* EXERCISE OBJECTIVE *
Instruction for the data below: set down exactly the lines from the line with "initY + GridDeltaY*(floor((i-1)/GridWidth));" to the line with "column by column", inclusive, and no others.

Records from a data source

<<<<

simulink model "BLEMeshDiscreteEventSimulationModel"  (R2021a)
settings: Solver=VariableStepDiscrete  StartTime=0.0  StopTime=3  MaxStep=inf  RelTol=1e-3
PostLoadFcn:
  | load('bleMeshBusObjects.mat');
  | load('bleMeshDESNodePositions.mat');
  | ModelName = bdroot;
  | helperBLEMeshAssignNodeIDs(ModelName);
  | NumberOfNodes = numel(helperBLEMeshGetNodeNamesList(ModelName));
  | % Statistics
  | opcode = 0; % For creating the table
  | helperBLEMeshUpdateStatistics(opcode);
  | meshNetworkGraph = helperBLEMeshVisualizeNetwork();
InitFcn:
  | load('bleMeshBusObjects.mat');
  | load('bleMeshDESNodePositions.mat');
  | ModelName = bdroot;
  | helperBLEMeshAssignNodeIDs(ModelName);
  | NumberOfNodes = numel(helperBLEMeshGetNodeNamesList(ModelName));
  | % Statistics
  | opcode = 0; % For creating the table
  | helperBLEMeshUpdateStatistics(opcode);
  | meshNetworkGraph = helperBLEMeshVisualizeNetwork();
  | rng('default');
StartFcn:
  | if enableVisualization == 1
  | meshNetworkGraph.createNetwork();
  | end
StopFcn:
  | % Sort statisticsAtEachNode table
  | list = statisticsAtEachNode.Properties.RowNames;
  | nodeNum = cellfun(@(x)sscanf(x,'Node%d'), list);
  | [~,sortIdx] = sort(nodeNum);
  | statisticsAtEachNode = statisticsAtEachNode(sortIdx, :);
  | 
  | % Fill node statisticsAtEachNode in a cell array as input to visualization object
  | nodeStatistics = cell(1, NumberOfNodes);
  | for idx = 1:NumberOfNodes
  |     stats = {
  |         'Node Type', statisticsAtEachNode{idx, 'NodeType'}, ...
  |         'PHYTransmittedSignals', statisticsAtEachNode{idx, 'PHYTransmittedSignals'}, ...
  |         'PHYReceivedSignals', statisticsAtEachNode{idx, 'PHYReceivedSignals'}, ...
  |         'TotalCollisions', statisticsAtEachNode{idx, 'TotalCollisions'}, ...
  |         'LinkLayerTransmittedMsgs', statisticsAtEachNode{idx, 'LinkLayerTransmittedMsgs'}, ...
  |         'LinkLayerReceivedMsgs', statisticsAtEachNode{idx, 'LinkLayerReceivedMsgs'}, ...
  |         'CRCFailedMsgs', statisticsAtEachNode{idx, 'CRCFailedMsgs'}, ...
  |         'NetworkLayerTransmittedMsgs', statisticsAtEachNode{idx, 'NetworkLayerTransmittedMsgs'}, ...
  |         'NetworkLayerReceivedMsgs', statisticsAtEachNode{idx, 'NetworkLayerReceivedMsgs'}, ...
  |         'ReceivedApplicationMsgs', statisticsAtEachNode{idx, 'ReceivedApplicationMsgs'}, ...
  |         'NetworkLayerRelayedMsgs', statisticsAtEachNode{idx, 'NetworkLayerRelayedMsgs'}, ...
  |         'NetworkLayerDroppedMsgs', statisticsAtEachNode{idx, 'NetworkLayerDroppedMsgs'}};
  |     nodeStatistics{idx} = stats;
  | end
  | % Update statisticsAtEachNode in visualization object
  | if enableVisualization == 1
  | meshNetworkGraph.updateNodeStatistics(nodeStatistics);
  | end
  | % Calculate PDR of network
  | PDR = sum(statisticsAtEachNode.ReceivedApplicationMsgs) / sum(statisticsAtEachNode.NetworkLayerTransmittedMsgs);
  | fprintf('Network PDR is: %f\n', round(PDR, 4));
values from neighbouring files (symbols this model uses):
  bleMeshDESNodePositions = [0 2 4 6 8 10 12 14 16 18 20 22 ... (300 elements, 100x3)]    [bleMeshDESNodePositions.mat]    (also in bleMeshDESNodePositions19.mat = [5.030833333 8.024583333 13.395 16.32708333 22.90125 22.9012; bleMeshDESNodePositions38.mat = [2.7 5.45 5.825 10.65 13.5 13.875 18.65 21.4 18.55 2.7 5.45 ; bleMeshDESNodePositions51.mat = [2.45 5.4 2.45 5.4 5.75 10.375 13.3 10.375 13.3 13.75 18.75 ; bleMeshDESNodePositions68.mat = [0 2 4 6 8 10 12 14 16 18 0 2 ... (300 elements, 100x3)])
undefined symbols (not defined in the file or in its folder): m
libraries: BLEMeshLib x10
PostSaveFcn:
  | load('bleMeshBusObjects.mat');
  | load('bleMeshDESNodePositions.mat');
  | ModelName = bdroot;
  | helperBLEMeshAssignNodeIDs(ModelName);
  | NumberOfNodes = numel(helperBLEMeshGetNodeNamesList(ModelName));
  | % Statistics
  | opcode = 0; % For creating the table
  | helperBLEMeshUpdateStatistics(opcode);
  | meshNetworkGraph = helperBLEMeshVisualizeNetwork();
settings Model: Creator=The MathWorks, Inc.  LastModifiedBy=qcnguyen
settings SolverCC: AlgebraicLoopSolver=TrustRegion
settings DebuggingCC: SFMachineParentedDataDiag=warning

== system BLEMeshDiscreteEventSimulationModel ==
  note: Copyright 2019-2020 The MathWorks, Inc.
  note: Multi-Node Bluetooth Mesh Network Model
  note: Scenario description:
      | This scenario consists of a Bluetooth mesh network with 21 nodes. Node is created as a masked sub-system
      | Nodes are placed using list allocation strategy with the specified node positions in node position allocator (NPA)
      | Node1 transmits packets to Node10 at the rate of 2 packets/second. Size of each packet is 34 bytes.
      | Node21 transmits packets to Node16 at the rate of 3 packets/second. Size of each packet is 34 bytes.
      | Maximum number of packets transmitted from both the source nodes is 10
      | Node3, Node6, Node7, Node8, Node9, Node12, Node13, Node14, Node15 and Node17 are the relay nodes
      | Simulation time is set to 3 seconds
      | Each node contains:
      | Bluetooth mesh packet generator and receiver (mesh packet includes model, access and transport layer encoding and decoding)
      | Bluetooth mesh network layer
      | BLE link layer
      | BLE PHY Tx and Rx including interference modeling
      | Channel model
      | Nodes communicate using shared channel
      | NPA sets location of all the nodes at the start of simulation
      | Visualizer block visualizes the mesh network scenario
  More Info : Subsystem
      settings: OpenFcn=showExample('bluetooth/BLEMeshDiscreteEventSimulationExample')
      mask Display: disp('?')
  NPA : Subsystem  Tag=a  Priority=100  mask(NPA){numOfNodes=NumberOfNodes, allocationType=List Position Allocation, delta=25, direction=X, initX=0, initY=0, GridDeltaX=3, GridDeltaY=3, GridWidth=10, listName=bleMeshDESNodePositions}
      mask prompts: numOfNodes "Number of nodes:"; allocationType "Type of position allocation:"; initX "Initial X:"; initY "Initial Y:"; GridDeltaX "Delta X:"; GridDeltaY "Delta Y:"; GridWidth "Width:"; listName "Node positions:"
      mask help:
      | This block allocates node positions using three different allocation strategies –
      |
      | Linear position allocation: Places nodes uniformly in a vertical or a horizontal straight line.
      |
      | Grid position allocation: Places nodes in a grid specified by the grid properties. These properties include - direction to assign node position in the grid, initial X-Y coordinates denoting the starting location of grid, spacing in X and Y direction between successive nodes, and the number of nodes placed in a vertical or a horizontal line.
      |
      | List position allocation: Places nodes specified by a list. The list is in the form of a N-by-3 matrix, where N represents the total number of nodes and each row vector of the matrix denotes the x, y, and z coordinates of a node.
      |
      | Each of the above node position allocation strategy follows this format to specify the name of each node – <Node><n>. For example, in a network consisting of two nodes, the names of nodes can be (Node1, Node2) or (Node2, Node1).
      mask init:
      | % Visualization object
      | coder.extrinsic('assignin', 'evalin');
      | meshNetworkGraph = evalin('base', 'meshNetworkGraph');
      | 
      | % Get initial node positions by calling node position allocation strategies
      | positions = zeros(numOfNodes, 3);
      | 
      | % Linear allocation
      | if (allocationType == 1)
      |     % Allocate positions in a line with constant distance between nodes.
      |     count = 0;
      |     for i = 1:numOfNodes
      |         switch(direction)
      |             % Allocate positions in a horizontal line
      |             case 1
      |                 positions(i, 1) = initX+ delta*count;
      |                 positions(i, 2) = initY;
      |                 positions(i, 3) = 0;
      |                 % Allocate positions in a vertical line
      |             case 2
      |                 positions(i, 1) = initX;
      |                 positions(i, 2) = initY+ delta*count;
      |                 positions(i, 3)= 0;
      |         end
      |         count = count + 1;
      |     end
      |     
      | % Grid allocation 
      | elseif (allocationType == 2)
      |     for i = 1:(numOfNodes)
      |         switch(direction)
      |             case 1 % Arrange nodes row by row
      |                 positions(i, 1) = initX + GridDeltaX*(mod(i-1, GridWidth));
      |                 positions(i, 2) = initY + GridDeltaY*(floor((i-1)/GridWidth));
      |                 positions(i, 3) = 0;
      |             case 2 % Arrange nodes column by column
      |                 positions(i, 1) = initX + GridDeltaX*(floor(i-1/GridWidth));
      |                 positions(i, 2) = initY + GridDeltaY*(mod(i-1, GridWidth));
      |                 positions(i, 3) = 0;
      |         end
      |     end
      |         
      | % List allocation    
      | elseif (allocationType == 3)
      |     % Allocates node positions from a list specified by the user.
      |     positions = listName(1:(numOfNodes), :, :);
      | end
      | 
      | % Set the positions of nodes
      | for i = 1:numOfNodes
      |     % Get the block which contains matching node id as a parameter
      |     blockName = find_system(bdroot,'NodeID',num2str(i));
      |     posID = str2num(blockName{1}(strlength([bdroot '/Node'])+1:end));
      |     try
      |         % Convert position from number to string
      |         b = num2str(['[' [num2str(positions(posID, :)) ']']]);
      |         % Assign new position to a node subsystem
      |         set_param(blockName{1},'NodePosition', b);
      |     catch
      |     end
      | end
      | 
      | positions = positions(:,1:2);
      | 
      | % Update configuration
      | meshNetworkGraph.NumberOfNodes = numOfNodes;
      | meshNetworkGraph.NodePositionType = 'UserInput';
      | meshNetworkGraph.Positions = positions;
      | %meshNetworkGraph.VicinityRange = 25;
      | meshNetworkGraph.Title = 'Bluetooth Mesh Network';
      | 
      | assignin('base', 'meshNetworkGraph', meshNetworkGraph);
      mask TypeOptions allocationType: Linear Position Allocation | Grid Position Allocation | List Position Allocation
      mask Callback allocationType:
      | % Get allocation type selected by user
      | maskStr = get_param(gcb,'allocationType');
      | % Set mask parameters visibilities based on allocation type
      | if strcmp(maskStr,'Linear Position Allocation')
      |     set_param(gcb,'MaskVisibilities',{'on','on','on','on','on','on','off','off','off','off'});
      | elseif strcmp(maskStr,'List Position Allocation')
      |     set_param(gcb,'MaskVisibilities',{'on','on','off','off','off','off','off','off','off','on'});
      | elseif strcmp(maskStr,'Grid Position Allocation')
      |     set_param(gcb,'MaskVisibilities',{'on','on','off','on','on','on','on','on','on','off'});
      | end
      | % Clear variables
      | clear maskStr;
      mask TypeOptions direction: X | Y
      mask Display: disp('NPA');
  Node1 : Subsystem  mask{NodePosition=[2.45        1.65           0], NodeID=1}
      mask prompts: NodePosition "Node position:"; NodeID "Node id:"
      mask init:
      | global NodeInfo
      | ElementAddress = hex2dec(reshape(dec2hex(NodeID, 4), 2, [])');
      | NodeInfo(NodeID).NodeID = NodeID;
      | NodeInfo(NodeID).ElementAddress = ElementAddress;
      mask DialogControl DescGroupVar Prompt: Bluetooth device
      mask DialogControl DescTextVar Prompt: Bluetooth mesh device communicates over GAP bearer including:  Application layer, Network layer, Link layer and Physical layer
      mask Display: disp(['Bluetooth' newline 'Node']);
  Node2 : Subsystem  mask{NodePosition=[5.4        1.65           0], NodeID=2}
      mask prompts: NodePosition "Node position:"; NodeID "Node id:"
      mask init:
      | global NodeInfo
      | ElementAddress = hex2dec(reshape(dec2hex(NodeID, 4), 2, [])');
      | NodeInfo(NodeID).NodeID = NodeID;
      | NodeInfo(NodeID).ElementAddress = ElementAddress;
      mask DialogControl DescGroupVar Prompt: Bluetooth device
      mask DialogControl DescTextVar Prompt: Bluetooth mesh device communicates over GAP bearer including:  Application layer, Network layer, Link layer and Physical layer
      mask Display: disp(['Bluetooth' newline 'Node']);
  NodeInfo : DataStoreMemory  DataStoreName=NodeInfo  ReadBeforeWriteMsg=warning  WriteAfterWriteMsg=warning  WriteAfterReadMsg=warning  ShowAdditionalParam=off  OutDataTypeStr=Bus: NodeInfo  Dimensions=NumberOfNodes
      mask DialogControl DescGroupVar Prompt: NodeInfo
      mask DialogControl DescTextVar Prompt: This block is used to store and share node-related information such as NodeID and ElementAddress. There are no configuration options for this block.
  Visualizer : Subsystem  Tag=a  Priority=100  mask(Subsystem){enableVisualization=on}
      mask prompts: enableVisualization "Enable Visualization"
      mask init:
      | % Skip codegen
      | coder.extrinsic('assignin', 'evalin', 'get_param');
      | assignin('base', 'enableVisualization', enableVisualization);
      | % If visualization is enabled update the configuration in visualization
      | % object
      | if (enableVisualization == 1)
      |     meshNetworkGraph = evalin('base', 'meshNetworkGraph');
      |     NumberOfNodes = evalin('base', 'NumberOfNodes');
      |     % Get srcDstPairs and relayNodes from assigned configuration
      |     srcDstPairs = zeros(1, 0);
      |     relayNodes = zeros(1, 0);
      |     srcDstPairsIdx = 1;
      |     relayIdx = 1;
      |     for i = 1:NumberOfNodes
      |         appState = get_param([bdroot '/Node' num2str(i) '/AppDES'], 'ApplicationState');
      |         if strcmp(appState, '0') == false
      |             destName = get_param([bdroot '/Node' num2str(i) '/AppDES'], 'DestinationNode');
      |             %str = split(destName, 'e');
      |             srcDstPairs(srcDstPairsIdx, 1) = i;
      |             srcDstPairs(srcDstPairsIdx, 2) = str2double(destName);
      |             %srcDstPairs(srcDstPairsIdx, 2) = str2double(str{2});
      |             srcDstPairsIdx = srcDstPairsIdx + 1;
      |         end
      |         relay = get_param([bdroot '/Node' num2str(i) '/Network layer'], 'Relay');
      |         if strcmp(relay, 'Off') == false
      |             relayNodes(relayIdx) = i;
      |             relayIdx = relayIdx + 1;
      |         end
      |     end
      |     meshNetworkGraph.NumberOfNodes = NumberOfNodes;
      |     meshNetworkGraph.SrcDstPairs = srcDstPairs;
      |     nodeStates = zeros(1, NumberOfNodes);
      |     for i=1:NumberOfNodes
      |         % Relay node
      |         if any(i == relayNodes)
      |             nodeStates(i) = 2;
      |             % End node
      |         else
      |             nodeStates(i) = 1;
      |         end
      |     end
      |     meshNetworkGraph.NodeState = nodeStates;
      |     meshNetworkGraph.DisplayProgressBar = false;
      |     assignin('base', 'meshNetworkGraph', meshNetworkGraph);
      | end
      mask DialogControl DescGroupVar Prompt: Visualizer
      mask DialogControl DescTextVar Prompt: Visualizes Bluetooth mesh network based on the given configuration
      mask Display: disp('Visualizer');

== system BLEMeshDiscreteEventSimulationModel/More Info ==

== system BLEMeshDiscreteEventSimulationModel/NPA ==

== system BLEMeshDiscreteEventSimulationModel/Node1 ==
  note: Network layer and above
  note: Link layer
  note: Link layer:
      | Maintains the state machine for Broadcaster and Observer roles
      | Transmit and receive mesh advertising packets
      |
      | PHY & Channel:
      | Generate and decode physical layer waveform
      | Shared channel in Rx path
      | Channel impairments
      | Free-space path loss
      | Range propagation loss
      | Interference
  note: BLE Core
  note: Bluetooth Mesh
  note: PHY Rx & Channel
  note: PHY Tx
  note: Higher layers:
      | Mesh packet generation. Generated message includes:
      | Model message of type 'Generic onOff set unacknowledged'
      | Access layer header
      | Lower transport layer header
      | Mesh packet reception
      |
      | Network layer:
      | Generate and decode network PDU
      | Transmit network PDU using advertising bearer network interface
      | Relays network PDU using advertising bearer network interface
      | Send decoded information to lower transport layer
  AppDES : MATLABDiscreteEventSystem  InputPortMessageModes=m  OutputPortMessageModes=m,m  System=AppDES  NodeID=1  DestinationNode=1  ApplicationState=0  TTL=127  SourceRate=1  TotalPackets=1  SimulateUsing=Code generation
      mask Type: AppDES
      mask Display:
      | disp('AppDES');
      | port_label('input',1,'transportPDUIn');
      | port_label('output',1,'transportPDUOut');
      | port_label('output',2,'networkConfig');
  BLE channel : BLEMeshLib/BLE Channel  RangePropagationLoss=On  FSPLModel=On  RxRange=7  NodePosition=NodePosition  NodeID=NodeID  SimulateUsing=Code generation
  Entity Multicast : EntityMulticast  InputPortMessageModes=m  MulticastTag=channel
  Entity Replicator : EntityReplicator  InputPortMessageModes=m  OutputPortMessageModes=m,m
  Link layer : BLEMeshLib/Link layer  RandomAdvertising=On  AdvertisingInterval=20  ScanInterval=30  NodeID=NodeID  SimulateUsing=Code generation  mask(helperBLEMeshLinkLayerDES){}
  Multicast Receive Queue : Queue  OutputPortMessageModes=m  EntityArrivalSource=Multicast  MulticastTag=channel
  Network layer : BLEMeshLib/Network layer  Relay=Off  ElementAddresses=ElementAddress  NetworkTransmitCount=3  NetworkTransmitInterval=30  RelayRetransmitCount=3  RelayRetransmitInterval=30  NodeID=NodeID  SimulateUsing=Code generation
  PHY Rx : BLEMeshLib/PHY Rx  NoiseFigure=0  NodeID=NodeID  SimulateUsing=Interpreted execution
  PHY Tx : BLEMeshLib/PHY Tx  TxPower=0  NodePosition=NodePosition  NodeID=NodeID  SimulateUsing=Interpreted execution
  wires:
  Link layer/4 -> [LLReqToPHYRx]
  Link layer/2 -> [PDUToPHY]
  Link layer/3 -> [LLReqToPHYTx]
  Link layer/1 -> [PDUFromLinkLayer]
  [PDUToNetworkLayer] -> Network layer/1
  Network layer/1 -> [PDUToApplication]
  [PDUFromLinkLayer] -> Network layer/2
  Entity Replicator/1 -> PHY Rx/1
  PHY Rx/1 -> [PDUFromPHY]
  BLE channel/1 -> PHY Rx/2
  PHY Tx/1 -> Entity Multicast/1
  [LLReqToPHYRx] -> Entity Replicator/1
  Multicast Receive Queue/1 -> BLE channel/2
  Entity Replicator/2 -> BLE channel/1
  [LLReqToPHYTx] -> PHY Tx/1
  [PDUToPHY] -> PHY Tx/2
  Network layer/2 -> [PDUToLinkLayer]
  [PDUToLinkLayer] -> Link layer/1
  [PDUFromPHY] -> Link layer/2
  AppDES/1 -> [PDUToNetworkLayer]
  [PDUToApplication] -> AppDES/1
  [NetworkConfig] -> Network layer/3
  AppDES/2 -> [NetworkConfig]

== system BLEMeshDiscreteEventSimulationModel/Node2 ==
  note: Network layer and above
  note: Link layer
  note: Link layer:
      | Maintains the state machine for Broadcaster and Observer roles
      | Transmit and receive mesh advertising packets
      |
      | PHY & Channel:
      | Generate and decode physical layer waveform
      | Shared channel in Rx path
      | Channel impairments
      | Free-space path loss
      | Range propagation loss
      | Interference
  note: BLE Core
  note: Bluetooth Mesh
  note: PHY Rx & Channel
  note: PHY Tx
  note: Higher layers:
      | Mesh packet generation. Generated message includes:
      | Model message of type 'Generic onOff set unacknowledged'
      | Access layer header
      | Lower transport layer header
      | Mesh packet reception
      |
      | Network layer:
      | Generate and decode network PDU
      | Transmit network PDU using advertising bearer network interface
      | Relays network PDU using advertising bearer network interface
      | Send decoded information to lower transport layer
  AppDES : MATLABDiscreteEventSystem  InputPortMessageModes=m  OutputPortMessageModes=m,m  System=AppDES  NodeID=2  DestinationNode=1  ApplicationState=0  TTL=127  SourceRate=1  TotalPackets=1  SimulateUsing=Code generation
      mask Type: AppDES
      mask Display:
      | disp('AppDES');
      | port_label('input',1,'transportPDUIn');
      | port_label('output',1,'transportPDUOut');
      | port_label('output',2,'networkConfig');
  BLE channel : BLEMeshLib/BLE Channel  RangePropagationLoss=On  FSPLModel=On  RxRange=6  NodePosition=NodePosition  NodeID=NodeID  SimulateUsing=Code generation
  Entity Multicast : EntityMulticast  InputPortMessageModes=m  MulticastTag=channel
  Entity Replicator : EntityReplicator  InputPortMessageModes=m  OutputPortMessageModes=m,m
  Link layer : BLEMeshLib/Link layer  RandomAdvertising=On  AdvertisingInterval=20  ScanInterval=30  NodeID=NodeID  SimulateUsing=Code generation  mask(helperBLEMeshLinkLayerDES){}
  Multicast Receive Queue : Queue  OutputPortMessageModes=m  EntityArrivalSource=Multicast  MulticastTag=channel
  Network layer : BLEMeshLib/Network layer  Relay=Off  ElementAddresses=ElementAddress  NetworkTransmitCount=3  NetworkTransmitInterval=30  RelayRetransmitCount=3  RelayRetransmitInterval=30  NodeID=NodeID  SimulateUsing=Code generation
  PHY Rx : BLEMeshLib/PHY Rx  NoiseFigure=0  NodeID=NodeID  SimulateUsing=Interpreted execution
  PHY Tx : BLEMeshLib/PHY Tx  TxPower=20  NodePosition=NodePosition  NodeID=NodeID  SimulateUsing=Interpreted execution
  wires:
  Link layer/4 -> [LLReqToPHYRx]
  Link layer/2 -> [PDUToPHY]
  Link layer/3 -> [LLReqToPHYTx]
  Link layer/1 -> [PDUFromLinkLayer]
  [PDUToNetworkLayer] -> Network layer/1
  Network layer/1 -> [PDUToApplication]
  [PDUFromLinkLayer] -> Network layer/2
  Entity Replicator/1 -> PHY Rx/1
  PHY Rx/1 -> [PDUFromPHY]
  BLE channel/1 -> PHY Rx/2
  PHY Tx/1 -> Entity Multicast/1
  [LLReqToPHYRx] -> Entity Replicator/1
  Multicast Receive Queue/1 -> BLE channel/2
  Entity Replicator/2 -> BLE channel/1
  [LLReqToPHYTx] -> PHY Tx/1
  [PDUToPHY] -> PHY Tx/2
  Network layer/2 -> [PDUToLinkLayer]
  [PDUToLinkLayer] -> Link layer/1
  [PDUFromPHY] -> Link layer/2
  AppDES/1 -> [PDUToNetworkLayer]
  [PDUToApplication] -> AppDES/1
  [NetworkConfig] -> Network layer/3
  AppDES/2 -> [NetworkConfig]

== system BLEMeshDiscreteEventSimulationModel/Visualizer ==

>>>>

* ANSWER TO THIS PROBLEM *
      |                 positions(i, 2) = initY + GridDeltaY*(floor((i-1)/GridWidth));
      |                 positions(i, 3) = 0;
      |             case 2 % Arrange nodes column by column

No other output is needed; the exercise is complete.